Using Parallel HttpClientConnection objects in SSIS
In SSIS (SQL Server Integration Service) you often need to talk with web resources like WCF services. To do that you will generally define the connection using Connection Manager and HTTP. This sets up SSIS to communicate with the remote resource. To use the connection you normally use a script task to get the connection from Connection Manager, create an HttpClientConnection object and then use the methods on the connection to communicate with the remote server. You will generally find code similar to the following.
' Get connection from connection manager Dim cm = Dts.Connections("MyHttpConnection").AcquireConnection(null) ' Create connection and adjust the URL by adding a query parameter or something Dim conn = new HttpClientConnection(cm) conn.ServerURL = AddQueryStringToUrl(conn.ServerURL) ' Use it to download a file conn.DownloadFile(someFile, True)

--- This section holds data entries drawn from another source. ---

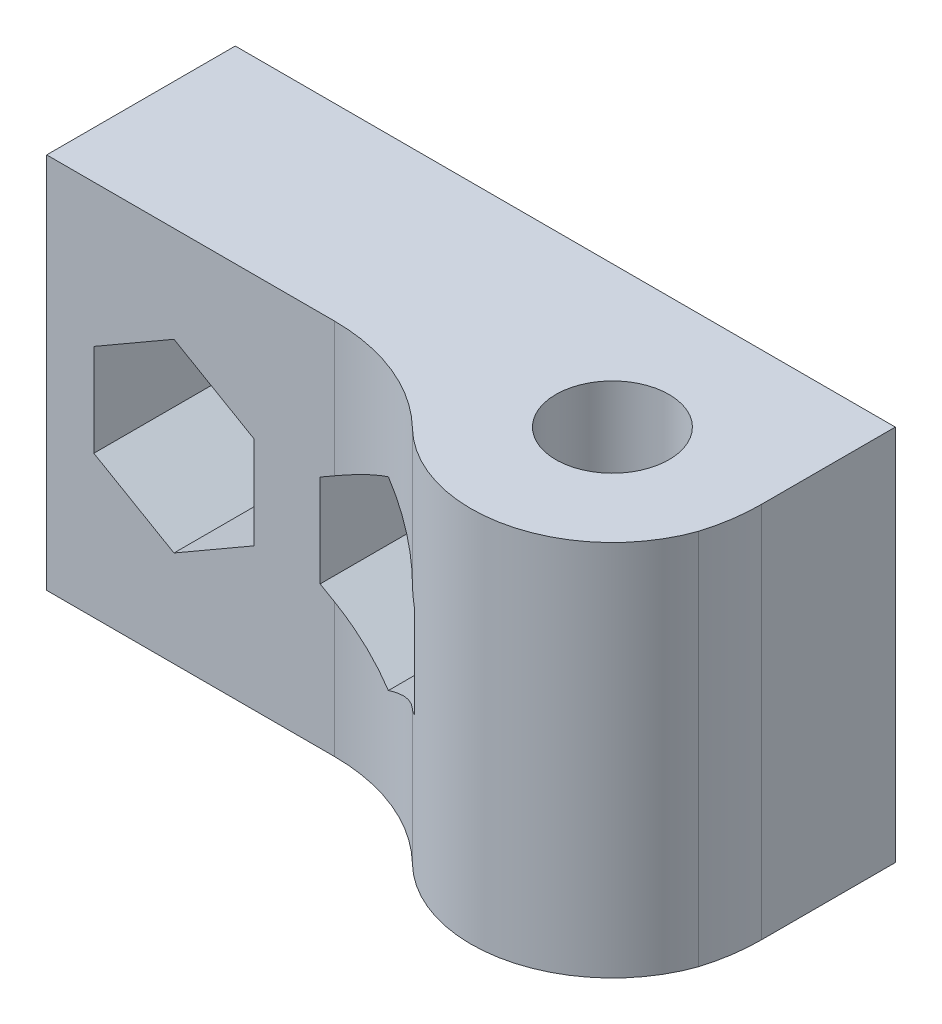
ISO-10303-21;
HEADER;
FILE_DESCRIPTION(('STEP AP214'),'2;1');
FILE_NAME('part.step','',(''),(''),'','','');
FILE_SCHEMA(('AUTOMOTIVE_DESIGN { 1 0 10303 214 1 1 1 1 }'));
ENDSEC;
DATA;
#1=APPLICATION_CONTEXT('core data for automotive mechanical design processes');
#2=APPLICATION_PROTOCOL_DEFINITION('international standard','automotive_design',2000,#1);
#3=PRODUCT_CONTEXT('',#1,'mechanical');
#4=PRODUCT('Part','Part','',(#3));
#5=PRODUCT_RELATED_PRODUCT_CATEGORY('part','',(#4));
#6=PRODUCT_DEFINITION_FORMATION('','',#4);
#7=PRODUCT_DEFINITION_CONTEXT('part definition',#1,'design');
#8=PRODUCT_DEFINITION('design','',#6,#7);
#9=PRODUCT_DEFINITION_SHAPE('','',#8);
#10=(LENGTH_UNIT() NAMED_UNIT(*) SI_UNIT(.MILLI.,.METRE.));
#11=(NAMED_UNIT(*) PLANE_ANGLE_UNIT() SI_UNIT($,.RADIAN.));
#12=(NAMED_UNIT(*) SI_UNIT($,.STERADIAN.) SOLID_ANGLE_UNIT());
#13=UNCERTAINTY_MEASURE_WITH_UNIT(LENGTH_MEASURE(1.E-05),#10,'distance_accuracy_value','');
#14=(GEOMETRIC_REPRESENTATION_CONTEXT(3) GLOBAL_UNCERTAINTY_ASSIGNED_CONTEXT((#13)) GLOBAL_UNIT_ASSIGNED_CONTEXT((#10,
#11,#12)) REPRESENTATION_CONTEXT('',''));
#15=CARTESIAN_POINT('',(0.,0.,0.));
#16=DIRECTION('',(0.,0.,1.));
#17=DIRECTION('',(1.,0.,0.));
#18=AXIS2_PLACEMENT_3D('',#15,#16,#17);
#19=CARTESIAN_POINT('',(0.,0.,10.));
#20=DIRECTION('',(0.,0.,1.));
#21=DIRECTION('',(1.,0.,0.));
#22=AXIS2_PLACEMENT_3D('',#19,#20,#21);
#23=PLANE('',#22);
#24=DIRECTION('',(-0.866025403784438,-0.5,0.));
#25=VECTOR('',#24,1.);
#26=CARTESIAN_POINT('',(3.7676270189222,-6.52572142074251,10.));
#27=LINE('',#26,#25);
#28=CARTESIAN_POINT('',(-6.49999999999999,-12.4537386440559,10.));
#29=VERTEX_POINT('',#28);
#30=CARTESIAN_POINT('',(-10.75,-14.9074772881118,10.));
#31=VERTEX_POINT('',#30);
#32=EDGE_CURVE('E306',#29,#31,#27,.T.);
#33=ORIENTED_EDGE('',*,*,#32,.T.);
#34=DIRECTION('',(-0.866025403784439,0.5,0.));
#35=VECTOR('',#34,1.);
#36=CARTESIAN_POINT('',(-9.14262701892219,-15.8354945114252,10.));
#37=LINE('',#36,#35);
#38=CARTESIAN_POINT('',(-15.,-12.4537386440559,10.));
#39=VERTEX_POINT('',#38);
#40=EDGE_CURVE('E309',#31,#39,#37,.T.);
#41=ORIENTED_EDGE('',*,*,#40,.T.);
#42=DIRECTION('',(0.,1.,0.));
#43=VECTOR('',#42,1.);
#44=CARTESIAN_POINT('',(-15.,0.,10.));
#45=LINE('',#44,#43);
#46=CARTESIAN_POINT('',(-15.,-7.54626135594409,10.));
#47=VERTEX_POINT('',#46);
#48=EDGE_CURVE('E294',#39,#47,#45,.T.);
#49=ORIENTED_EDGE('',*,*,#48,.T.);
#50=DIRECTION('',(0.866025403784439,0.5,0.));
#51=VECTOR('',#50,1.);
#52=CARTESIAN_POINT('',(-0.482372981077803,0.835494511425216,10.));
#53=LINE('',#52,#51);
#54=CARTESIAN_POINT('',(-10.75,-5.09252271188818,10.));
#55=VERTEX_POINT('',#54);
#56=EDGE_CURVE('E297',#47,#55,#53,.T.);
#57=ORIENTED_EDGE('',*,*,#56,.T.);
#58=DIRECTION('',(0.866025403784438,-0.500000000000001,0.));
#59=VECTOR('',#58,1.);
#60=CARTESIAN_POINT('',(-4.8926270189222,-8.47427857925749,10.));
#61=LINE('',#60,#59);
#62=CARTESIAN_POINT('',(-6.49999999999999,-7.54626135594409,10.));
#63=VERTEX_POINT('',#62);
#64=EDGE_CURVE('E300',#55,#63,#61,.T.);
#65=ORIENTED_EDGE('',*,*,#64,.T.);
#66=DIRECTION('',(0.,-1.,0.));
#67=VECTOR('',#66,1.);
#68=CARTESIAN_POINT('',(-6.49999999999999,0.,10.));
#69=LINE('',#68,#67);
#70=EDGE_CURVE('E303',#63,#29,#69,.T.);
#71=ORIENTED_EDGE('',*,*,#70,.T.);
#72=EDGE_LOOP('',(#33,#41,#49,#57,#65,#71));
#73=FACE_BOUND('',#72,.T.);
#74=DIRECTION('',(1.,0.,0.));
#75=VECTOR('',#74,1.);
#76=CARTESIAN_POINT('',(-17.5,-20.,10.));
#77=LINE('',#76,#75);
#78=CARTESIAN_POINT('',(-17.5,-20.,10.));
#79=VERTEX_POINT('',#78);
#80=CARTESIAN_POINT('',(-2.24744871391589,-20.,10.));
#81=VERTEX_POINT('',#80);
#82=EDGE_CURVE('E269',#79,#81,#77,.T.);
#83=ORIENTED_EDGE('',*,*,#82,.T.);
#84=DIRECTION('',(0.,-1.,0.));
#85=VECTOR('',#84,1.);
#86=CARTESIAN_POINT('',(-2.24744871391589,-13.9381453373412,10.));
#87=LINE('',#86,#85);
#88=CARTESIAN_POINT('',(-2.24744871391588,-12.8882243316556,10.));
#89=VERTEX_POINT('',#88);
#90=EDGE_CURVE('E336',#81,#89,#87,.F.);
#91=ORIENTED_EDGE('',*,*,#90,.T.);
#92=DIRECTION('',(-0.866025403784439,0.5,0.));
#93=VECTOR('',#92,1.);
#94=CARTESIAN_POINT('',(-6.14262701892219,-10.6393420887186,10.));
#95=LINE('',#94,#93);
#96=CARTESIAN_POINT('',(-2.99999999999999,-12.4537386440559,10.));
#97=VERTEX_POINT('',#96);
#98=EDGE_CURVE('E326',#89,#97,#95,.T.);
#99=ORIENTED_EDGE('',*,*,#98,.T.);
#100=DIRECTION('',(0.,1.,0.));
#101=VECTOR('',#100,1.);
#102=CARTESIAN_POINT('',(-2.99999999999999,0.,10.));
#103=LINE('',#102,#101);
#104=CARTESIAN_POINT('',(-2.99999999999999,-7.54626135594409,10.));
#105=VERTEX_POINT('',#104);
#106=EDGE_CURVE('E320',#97,#105,#103,.T.);
#107=ORIENTED_EDGE('',*,*,#106,.T.);
#108=DIRECTION('',(0.866025403784439,0.5,0.));
#109=VECTOR('',#108,1.);
#110=CARTESIAN_POINT('',(2.51762701892219,-4.36065791128141,10.));
#111=LINE('',#110,#109);
#112=CARTESIAN_POINT('',(-2.24744871391589,-7.11177566834444,10.));
#113=VERTEX_POINT('',#112);
#114=EDGE_CURVE('E323',#105,#113,#111,.T.);
#115=ORIENTED_EDGE('',*,*,#114,.T.);
#116=DIRECTION('',(0.,-1.,0.));
#117=VECTOR('',#116,1.);
#118=CARTESIAN_POINT('',(-2.24744871391589,0.,10.));
#119=LINE('',#118,#117);
#120=CARTESIAN_POINT('',(-2.24744871391589,0.,10.));
#121=VERTEX_POINT('',#120);
#122=EDGE_CURVE('E334',#113,#121,#119,.F.);
#123=ORIENTED_EDGE('',*,*,#122,.T.);
#124=DIRECTION('',(-1.,0.,0.));
#125=VECTOR('',#124,1.);
#126=CARTESIAN_POINT('',(-17.5,0.,10.));
#127=LINE('',#126,#125);
#128=CARTESIAN_POINT('',(-17.5,0.,10.));
#129=VERTEX_POINT('',#128);
#130=EDGE_CURVE('E273',#121,#129,#127,.T.);
#131=ORIENTED_EDGE('',*,*,#130,.T.);
#132=DIRECTION('',(0.,-1.,0.));
#133=VECTOR('',#132,1.);
#134=CARTESIAN_POINT('',(-17.5,0.,10.));
#135=LINE('',#134,#133);
#136=EDGE_CURVE('E266',#129,#79,#135,.T.);
#137=ORIENTED_EDGE('',*,*,#136,.T.);
#138=EDGE_LOOP('',(#83,#91,#99,#107,#115,#123,#131,#137));
#139=FACE_BOUND('',#138,.T.);
#140=ADVANCED_FACE('F33',(#73,#139),#23,.T.);
#141=CARTESIAN_POINT('',(10.,-20.,7.5));
#142=DIRECTION('',(0.,1.,0.));
#143=DIRECTION('',(-1.,0.,0.));
#144=AXIS2_PLACEMENT_3D('',#141,#142,#143);
#145=CYLINDRICAL_SURFACE('',#144,7.5);
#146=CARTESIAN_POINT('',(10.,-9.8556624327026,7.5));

This code works great if you have a sequential package but if you have multiple script tasks running in parallel, such as when you break up processing into pipelines, then the above code will not work correctly. You can confirm this for yourself by copying the task and creating multiple containers running in parallel. I posted in the SQL forums for help and not even Microsoft felt this should cause a problem but in fact it does.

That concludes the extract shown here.